Foi assim que deixaram de existir sete jogadores. Ali, naquele estádio, longe de sua terra natal, os atletas tornaram-se sete profetas de uma religião. Uma religião liderada por um moleque abusado de 17 anos e um goleiro iluminado. Uma religião que foi buscar novos seguidores longe de seu templo e de seus maiores fiéis. E conseguiu.
Ao deitar a cabeça no travesseiro na noite de sexta para sábado, lembro que nenhum gremista duvidava da classificação. Mas, garanto, nenhum também fazia idéia de como ela seria conquistada. A comemoração, a loucura furiosamente maravilhosa que assomou as ruas de Porto Alegre durante o final de semana não foi pelo título. Era obrigação de um clube como o Grêmio vencê-lo. A euforia veio pela forma como ela foi conquistada.
Por isso, este texto, assim como o filme, não é para colorados ou para outros torcedores. Este texto é para gremistas. Para aqueles que sabem celebrar o sofrimento. Para aqueles que conhecem a sensação inigualável de torcer para algo que é mais que um time, que é maior do que a vida. Para aqueles que já experimentaram o prazer de calar 100 mil pessoas no Maracanã e fazer 60 mil corinthianos saírem de cabeça baixa do Morumbi. E para quem riu por último naquele dia, após os torcedores do Náutico comemorarem com antecedência um título que estava escrito nas estrelas que seria do Grêmio. É um texto para quem sabe que acordou, domingo de manhã, uma pessoa completamente diferente após o ritual de purificação do sábado.
Porque ser gremista é isso. É sofrer, é chorar de tristeza, é quase falecer, mas é também celebrar, é vibrar, é não conseguir compreender como outros conseguem torcer para times diferentes. É ir do mais profundo desespero à sensação plena de felicidade em alguns segundos. É fazer parte de algo que é difícil de colocar em palavras.
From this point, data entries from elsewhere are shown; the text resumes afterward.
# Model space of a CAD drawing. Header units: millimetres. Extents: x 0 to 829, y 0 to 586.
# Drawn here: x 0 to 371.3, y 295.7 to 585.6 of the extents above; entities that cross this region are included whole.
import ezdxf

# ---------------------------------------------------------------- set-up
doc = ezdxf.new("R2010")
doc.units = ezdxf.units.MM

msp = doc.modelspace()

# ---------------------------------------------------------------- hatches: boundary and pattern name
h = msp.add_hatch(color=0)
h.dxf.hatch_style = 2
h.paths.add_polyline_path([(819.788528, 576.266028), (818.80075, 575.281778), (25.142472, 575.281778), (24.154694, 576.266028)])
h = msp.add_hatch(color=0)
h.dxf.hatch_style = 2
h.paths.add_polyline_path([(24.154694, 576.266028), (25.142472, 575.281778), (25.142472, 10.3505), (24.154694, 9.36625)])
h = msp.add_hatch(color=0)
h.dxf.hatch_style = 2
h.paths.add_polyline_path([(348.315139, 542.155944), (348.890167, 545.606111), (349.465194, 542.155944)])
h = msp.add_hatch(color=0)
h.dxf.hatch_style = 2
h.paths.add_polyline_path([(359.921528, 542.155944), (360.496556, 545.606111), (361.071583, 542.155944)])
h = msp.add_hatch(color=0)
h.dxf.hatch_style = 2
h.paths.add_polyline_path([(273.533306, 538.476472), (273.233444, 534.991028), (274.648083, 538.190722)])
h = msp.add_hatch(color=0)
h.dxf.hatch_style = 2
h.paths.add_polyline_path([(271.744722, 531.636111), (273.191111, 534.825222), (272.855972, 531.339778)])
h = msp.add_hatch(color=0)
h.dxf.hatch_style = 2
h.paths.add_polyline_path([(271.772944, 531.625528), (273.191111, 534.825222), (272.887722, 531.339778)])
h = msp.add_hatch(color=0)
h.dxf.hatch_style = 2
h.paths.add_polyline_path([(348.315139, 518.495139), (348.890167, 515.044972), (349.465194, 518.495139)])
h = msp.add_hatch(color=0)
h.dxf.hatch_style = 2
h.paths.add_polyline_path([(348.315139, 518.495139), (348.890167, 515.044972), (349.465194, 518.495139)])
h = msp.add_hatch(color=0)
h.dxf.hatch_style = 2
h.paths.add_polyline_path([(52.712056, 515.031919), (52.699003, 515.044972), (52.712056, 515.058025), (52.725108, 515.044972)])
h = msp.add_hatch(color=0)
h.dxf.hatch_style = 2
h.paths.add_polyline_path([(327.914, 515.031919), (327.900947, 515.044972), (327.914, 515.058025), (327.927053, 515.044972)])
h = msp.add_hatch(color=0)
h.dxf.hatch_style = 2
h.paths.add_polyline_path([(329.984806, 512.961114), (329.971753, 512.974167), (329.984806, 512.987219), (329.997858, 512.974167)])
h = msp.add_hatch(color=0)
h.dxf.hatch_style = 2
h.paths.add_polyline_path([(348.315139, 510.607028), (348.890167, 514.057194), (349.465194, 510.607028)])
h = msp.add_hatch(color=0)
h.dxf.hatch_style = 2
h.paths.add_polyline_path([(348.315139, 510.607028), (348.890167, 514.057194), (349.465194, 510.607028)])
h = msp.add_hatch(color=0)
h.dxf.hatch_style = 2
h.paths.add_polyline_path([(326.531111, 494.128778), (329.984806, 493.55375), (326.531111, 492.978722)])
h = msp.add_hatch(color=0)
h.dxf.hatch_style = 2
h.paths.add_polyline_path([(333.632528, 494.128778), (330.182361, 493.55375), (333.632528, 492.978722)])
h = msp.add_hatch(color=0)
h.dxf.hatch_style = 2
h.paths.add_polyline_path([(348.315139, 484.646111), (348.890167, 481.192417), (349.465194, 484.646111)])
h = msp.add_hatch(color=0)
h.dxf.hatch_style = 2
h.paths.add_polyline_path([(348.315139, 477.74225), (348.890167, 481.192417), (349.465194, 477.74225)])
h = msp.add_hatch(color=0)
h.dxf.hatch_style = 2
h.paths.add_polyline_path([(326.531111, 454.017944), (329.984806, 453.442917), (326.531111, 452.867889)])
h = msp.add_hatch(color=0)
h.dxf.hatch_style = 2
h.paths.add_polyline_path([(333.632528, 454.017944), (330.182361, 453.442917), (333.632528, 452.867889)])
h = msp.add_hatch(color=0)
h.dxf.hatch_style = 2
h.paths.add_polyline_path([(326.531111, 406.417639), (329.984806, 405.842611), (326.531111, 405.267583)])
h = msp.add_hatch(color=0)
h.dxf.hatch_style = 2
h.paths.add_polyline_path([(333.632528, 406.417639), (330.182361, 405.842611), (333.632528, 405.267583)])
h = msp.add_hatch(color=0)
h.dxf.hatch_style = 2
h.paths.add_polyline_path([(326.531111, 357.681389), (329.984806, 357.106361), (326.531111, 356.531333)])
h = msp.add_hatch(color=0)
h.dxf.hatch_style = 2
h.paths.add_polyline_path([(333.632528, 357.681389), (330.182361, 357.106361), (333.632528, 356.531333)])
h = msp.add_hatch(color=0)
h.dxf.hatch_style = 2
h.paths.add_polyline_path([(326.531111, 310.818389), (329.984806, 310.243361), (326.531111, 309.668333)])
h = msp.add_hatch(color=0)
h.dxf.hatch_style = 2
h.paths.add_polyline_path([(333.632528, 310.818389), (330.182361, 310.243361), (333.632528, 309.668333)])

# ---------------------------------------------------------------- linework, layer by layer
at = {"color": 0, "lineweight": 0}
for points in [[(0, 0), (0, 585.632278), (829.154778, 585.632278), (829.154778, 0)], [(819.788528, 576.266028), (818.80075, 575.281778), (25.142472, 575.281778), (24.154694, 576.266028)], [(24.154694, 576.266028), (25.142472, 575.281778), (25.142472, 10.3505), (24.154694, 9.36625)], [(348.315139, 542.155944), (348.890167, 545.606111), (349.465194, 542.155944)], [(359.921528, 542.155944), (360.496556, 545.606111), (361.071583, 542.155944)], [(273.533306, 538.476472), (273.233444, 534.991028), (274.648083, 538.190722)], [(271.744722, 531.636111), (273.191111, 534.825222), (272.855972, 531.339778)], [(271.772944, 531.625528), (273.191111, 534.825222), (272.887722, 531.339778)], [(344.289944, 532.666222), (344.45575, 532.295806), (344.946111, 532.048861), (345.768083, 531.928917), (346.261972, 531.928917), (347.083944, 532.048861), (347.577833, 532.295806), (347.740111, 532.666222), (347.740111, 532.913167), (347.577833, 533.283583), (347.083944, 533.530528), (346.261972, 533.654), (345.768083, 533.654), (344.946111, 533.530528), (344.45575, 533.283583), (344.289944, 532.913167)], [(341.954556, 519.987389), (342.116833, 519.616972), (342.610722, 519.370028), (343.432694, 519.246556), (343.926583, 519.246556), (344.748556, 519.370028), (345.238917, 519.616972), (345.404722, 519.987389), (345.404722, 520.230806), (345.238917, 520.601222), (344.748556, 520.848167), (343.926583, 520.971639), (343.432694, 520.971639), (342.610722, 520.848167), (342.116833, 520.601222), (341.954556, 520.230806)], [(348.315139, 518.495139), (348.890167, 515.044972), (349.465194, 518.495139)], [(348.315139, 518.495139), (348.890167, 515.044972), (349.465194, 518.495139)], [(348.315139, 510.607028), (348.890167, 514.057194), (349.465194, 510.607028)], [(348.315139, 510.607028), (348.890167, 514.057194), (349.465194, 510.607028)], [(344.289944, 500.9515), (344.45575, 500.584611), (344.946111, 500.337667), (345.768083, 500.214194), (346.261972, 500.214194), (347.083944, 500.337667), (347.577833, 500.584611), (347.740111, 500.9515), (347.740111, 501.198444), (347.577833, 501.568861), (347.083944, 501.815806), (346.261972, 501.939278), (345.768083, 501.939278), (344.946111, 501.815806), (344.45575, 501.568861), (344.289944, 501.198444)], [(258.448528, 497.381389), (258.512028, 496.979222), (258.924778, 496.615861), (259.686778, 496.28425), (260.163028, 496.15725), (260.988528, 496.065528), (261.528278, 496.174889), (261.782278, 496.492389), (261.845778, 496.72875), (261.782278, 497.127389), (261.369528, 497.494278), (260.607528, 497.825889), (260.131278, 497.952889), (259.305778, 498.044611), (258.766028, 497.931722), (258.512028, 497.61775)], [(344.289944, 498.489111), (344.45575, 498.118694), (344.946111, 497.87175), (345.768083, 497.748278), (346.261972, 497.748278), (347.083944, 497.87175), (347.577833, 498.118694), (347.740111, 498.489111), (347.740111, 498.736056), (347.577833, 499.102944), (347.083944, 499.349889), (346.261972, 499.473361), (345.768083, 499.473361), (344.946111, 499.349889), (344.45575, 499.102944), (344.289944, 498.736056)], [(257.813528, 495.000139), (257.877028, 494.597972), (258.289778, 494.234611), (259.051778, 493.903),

É simplesmente ser gremista.
Inacreditável é um grande filme? Não sei. Jamais vou saber porque jamais irei analisá-lo dessa forma. Para os gremistas, não é um filme a ser assistido, mas sentido. Para relembrar aquela batalha inigualável, indescritível e inacreditável. A Batalha dos Aflitos. Uma partida monumental. Como foi, é e sempre será o Grêmio.